Background: We recently reported that the elevated blood pressure (BP) observed in patients with cardiovascular disease who are homozygous for the 677C→T polymorphism (TT genotype) in the gene encoding methylenetetrahydrofolate reductase (MTHFR) was responsive to supplementation with riboflavin-the cofactor for MTHFR.
Objective: The objective was to investigate the effect of riboflavin on BP targeted at patients with the TT genotype 4 y after initial investigation, during which time major changes in the clinical guidelines for antihypertensive therapy were introduced.

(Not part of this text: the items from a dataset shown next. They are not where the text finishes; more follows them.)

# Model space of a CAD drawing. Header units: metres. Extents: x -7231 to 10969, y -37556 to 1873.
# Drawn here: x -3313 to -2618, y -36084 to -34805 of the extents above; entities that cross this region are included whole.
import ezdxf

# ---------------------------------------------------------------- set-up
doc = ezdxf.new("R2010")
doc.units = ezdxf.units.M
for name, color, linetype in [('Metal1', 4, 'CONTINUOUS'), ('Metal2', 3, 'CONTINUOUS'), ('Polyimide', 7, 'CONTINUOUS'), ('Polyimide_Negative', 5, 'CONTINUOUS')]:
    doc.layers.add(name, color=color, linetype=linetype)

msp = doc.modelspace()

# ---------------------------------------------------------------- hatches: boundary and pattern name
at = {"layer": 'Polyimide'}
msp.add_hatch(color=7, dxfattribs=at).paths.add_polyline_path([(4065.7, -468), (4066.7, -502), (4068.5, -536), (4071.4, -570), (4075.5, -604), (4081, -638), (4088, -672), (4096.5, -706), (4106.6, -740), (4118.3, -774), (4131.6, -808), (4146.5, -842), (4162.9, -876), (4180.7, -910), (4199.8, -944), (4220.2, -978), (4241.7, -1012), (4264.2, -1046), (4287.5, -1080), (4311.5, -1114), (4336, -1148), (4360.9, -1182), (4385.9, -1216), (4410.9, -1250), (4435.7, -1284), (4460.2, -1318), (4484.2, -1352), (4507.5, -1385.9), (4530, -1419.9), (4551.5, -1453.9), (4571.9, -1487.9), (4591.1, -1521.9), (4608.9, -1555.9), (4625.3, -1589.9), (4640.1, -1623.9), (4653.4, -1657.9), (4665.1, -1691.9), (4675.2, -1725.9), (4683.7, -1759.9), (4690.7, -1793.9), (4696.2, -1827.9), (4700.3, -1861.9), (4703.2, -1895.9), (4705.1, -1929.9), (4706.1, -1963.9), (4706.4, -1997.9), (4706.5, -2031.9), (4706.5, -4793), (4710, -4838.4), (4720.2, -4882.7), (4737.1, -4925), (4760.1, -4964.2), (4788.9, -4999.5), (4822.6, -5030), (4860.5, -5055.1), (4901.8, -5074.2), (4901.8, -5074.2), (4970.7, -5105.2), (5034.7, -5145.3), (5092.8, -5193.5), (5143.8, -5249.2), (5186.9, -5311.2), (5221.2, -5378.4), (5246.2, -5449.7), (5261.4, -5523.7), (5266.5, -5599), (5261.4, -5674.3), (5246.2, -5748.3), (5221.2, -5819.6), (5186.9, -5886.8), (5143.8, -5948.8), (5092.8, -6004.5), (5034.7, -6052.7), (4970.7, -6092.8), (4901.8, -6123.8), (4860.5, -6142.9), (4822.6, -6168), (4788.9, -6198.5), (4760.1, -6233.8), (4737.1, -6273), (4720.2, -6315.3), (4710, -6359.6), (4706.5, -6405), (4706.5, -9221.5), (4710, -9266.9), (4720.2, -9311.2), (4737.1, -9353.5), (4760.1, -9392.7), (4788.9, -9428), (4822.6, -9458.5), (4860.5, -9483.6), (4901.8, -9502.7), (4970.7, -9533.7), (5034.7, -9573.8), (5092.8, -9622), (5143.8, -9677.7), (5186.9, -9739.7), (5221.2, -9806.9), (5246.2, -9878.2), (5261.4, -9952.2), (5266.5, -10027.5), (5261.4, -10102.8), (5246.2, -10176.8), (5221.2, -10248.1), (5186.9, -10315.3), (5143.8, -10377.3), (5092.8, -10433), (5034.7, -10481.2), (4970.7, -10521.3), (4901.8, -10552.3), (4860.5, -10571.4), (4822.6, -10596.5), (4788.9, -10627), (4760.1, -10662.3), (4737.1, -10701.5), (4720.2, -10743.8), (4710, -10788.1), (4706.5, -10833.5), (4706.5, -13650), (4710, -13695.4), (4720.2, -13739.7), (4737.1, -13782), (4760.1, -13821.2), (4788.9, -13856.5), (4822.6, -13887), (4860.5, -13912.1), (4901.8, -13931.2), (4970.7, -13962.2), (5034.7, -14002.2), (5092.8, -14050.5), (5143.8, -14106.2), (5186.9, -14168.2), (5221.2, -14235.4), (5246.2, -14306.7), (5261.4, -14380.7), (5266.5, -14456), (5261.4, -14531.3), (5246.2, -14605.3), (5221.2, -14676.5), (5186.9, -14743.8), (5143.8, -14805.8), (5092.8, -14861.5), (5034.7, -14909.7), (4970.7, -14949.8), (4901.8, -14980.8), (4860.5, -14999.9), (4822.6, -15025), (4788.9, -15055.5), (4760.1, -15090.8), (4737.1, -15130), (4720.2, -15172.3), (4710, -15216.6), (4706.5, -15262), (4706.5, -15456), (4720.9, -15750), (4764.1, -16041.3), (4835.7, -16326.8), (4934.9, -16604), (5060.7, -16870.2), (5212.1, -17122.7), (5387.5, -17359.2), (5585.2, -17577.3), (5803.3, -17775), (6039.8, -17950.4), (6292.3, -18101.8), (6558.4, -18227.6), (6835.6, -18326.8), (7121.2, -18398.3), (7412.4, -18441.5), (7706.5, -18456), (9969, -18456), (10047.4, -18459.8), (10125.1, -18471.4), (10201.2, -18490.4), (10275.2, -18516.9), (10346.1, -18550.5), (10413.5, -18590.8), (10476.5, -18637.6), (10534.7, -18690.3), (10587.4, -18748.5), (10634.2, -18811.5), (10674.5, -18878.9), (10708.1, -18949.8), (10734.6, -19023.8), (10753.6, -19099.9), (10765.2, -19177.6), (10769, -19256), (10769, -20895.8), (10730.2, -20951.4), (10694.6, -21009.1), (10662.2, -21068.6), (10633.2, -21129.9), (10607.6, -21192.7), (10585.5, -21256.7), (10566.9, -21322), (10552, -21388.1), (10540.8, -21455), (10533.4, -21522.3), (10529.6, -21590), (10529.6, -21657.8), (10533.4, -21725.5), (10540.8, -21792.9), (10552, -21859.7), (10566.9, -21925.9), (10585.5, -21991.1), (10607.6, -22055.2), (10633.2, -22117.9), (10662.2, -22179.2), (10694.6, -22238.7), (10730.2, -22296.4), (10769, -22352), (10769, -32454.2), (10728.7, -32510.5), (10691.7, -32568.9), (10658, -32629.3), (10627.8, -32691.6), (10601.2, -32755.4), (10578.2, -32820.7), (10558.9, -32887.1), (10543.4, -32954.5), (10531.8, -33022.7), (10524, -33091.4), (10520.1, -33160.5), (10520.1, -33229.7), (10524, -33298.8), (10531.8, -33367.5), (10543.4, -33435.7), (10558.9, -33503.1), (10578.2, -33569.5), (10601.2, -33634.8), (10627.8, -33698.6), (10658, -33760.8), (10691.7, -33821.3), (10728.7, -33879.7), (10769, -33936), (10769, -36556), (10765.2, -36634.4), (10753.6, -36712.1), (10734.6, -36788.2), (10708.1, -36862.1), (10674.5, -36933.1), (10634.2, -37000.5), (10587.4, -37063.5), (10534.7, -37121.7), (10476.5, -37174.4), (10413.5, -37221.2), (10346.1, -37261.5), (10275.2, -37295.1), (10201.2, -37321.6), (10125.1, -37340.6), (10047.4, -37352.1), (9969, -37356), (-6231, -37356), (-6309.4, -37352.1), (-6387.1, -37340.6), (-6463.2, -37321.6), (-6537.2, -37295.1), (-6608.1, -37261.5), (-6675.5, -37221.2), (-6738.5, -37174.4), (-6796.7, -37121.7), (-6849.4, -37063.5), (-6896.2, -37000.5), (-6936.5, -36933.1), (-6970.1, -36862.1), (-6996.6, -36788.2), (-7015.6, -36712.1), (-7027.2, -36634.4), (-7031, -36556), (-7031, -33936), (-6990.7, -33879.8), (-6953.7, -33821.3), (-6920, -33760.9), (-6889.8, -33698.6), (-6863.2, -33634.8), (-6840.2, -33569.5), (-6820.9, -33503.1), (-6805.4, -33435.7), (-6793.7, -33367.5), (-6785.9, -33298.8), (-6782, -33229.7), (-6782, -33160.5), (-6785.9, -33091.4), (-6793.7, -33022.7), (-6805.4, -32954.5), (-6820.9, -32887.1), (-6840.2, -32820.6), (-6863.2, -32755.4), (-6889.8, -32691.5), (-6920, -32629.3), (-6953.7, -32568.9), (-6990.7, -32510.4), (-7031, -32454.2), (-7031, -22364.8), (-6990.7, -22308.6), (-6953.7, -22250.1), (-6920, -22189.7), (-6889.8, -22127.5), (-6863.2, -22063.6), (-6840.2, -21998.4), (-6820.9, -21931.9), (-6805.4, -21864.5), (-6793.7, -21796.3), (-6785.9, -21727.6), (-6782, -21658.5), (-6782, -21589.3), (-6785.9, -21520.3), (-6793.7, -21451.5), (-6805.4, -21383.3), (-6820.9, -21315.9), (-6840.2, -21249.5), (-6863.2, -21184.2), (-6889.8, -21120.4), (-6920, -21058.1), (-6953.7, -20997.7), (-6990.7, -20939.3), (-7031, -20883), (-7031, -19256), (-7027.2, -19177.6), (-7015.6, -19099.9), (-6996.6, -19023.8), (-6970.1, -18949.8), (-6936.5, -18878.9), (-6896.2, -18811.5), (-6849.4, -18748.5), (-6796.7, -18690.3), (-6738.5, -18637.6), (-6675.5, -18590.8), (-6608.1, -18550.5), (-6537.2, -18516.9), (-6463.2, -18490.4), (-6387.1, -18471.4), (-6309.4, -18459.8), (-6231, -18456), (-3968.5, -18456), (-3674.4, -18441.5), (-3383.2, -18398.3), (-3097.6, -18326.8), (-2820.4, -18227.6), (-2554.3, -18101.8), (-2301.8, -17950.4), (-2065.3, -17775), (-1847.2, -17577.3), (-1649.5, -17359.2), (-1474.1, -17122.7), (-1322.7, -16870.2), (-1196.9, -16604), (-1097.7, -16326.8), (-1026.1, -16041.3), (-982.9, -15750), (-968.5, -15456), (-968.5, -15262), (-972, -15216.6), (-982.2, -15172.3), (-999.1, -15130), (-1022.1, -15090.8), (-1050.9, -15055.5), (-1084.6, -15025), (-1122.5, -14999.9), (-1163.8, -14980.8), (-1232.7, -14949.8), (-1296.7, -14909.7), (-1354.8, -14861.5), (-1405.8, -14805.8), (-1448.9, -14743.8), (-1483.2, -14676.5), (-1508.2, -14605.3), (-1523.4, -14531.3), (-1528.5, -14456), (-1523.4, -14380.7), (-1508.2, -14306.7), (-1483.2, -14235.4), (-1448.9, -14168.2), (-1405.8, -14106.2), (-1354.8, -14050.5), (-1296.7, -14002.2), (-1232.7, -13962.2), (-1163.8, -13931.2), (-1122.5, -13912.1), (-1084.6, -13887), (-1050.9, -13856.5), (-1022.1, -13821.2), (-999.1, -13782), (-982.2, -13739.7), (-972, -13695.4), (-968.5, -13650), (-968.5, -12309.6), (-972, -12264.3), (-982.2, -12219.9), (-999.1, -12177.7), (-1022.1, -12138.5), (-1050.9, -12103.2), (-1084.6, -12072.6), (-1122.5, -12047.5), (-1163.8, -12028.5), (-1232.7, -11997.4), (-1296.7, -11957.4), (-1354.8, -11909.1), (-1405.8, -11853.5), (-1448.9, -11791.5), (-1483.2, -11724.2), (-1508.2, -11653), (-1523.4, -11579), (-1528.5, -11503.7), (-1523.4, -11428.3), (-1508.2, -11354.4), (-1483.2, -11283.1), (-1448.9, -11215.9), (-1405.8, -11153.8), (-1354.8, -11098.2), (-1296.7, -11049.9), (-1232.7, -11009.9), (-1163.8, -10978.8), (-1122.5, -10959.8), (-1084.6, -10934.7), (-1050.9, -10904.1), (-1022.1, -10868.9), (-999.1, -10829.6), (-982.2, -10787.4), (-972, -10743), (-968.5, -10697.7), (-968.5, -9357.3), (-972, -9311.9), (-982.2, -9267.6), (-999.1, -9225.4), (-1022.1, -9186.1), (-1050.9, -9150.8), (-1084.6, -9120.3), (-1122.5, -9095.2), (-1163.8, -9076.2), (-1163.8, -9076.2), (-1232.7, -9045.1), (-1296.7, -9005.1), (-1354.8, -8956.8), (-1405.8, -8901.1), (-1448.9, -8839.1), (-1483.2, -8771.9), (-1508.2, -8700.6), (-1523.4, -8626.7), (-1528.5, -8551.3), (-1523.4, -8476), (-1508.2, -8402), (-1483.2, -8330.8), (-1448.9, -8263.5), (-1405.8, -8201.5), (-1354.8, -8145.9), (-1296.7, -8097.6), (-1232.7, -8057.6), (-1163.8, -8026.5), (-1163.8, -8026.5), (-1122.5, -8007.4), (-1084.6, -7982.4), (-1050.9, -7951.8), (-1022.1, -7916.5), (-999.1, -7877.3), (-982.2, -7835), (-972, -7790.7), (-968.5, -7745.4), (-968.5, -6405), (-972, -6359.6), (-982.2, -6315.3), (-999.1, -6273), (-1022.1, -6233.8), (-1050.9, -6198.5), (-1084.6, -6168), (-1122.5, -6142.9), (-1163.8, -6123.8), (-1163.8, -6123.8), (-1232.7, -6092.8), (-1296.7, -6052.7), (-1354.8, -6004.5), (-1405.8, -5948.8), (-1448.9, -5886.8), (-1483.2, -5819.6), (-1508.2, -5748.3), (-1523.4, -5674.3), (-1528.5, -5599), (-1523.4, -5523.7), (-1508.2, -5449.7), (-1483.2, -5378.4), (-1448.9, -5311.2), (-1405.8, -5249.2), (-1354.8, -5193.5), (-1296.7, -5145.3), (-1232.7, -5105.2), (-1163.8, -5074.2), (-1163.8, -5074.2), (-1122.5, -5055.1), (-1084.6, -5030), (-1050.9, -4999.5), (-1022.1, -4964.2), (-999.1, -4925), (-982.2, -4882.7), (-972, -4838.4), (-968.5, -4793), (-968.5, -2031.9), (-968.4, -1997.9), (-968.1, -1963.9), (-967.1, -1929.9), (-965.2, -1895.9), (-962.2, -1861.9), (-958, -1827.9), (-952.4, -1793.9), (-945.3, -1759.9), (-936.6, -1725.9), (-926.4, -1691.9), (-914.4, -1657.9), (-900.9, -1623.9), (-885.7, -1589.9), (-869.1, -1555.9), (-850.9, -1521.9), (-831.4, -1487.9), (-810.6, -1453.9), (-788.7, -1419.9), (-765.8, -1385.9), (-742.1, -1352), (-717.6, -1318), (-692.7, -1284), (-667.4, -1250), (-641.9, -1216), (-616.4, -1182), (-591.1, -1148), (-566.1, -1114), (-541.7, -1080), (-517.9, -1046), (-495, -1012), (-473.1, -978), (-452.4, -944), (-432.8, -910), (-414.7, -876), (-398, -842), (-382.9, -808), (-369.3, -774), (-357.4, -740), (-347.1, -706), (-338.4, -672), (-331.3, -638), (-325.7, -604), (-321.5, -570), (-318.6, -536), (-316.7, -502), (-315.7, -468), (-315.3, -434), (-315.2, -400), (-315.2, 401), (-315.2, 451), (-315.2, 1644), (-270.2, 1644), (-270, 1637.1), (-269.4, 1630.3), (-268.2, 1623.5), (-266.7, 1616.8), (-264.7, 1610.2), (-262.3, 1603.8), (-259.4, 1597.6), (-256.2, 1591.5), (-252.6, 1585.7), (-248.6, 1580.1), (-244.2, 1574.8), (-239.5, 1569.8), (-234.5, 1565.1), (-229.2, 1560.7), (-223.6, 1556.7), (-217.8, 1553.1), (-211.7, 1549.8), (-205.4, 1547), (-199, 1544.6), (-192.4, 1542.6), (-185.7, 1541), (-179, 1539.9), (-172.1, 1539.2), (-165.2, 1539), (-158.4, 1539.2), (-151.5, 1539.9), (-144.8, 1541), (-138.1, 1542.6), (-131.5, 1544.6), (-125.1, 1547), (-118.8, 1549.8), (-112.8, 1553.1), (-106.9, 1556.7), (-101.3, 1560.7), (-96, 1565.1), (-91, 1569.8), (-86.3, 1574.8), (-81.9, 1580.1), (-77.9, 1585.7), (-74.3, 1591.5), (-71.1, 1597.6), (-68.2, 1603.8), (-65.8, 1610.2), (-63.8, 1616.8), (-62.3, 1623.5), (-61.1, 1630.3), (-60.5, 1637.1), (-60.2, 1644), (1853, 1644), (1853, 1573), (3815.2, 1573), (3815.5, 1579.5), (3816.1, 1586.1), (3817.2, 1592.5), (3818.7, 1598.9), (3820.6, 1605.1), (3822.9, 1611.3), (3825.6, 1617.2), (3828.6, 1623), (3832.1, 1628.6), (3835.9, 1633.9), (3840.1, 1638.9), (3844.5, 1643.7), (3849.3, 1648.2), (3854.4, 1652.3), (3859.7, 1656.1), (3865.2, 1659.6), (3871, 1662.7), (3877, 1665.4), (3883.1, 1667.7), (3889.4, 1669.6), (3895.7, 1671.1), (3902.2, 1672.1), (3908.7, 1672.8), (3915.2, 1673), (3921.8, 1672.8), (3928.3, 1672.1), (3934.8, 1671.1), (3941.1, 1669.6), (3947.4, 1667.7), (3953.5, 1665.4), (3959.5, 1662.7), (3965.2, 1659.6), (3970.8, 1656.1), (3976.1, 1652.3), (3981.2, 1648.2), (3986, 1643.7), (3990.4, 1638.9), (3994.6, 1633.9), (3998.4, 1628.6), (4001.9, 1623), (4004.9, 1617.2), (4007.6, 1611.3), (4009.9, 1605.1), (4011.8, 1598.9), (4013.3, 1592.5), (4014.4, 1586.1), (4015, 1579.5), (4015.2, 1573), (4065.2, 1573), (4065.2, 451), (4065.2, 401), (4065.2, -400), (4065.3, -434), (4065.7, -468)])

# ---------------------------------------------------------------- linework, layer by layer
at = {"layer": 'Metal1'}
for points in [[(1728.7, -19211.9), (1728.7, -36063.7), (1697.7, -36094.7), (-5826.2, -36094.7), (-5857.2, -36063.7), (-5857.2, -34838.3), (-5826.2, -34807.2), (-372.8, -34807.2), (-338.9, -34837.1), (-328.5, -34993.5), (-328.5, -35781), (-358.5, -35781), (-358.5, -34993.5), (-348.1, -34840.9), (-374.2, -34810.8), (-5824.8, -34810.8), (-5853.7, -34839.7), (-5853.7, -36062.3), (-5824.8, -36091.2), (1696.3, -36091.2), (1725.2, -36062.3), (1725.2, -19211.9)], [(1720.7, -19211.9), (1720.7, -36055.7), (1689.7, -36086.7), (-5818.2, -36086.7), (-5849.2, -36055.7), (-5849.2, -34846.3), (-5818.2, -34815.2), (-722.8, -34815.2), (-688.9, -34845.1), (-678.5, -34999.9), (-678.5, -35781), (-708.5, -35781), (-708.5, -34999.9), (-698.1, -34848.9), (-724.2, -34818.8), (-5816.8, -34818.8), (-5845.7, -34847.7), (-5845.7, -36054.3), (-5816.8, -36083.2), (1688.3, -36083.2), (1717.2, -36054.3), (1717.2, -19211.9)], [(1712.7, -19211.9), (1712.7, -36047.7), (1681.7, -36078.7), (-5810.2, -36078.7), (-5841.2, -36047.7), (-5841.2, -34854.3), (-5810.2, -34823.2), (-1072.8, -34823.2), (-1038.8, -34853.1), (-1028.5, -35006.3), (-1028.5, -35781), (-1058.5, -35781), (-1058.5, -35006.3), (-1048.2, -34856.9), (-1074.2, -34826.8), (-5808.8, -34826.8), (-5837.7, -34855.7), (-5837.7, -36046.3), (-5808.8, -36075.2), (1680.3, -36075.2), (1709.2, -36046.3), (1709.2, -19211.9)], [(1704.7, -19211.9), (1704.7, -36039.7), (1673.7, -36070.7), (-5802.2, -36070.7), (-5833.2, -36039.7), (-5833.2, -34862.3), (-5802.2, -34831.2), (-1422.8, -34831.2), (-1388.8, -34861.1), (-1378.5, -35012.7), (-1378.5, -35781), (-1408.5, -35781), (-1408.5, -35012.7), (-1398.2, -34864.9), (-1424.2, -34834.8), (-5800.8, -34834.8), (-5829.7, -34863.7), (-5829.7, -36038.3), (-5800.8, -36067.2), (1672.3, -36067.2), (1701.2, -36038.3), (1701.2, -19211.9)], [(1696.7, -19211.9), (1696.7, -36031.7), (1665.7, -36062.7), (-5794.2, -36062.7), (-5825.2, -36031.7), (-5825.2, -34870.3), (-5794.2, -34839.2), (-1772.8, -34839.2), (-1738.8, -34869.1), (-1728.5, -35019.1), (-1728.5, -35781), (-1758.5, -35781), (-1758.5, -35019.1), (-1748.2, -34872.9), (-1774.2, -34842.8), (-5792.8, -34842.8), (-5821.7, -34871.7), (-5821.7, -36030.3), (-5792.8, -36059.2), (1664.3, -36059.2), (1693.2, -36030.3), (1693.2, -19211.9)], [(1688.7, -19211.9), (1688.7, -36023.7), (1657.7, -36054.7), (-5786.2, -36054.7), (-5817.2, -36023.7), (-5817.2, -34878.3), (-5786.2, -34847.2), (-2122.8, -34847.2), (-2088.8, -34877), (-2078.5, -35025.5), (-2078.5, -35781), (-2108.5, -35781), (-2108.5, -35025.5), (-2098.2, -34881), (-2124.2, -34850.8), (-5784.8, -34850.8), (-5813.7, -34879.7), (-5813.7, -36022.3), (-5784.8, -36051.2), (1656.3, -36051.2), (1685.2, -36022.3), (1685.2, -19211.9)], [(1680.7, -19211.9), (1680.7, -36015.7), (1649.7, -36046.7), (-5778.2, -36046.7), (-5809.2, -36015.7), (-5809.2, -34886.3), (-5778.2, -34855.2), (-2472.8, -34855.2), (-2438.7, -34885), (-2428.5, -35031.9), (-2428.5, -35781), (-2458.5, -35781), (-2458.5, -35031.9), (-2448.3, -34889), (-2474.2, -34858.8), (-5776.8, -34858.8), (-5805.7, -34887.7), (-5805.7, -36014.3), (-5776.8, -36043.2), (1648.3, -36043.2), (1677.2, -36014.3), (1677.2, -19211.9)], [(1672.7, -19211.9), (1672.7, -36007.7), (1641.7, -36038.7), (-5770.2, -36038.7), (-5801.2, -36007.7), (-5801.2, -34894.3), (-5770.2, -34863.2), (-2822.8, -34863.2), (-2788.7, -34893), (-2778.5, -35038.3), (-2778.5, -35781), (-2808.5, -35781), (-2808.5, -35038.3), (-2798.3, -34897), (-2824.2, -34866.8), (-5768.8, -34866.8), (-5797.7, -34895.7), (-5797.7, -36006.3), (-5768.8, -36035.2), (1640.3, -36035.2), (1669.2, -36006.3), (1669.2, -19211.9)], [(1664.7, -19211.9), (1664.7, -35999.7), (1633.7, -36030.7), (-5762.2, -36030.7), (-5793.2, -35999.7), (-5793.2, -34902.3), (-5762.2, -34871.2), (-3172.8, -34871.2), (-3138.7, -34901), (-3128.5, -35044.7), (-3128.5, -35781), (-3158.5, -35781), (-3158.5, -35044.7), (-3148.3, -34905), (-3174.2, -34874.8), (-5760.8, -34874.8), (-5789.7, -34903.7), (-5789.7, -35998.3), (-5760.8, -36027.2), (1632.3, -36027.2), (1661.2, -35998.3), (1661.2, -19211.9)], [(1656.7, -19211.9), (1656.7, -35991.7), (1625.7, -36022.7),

Design: A total of 83 patients (representing all 3 genotypes) who participated in a placebo-controlled riboflavin intervention for 16 wk in 2004 agreed to take part. Nested within this follow-up, those with the TT genotype (n = 31) proceeded to intervention with riboflavin (1.6 mg/d for 16 wk) or placebo, conducted in a crossover style whereby the 2004 treatment groups were reversed.
Results: At follow-up in 2008, as in 2004, patients with the TT genotype had higher systolic BP (P < 0.01), with a nonsignificant trend noted for higher diastolic BP (P = 0.051). Despite the marked changes in antihypertensive therapy that had occurred, BP remained unchanged in patients with the TT genotype at the time of follow-up. Riboflavin supplementation (administered in 2004 and 2008) produced an overall decrease in systolic (-9.2 ± 12.8 mm Hg; P = 0.001) and diastolic (-6.0 ± 9.9 mm Hg; P = 0.003) BP.
Conclusions: Optimizing riboflavin status offers a low-cost targeted strategy for managing elevated BP in this genetically at-risk group. These findings, if confirmed in the general population, could have important implications for the prevention of hypertension.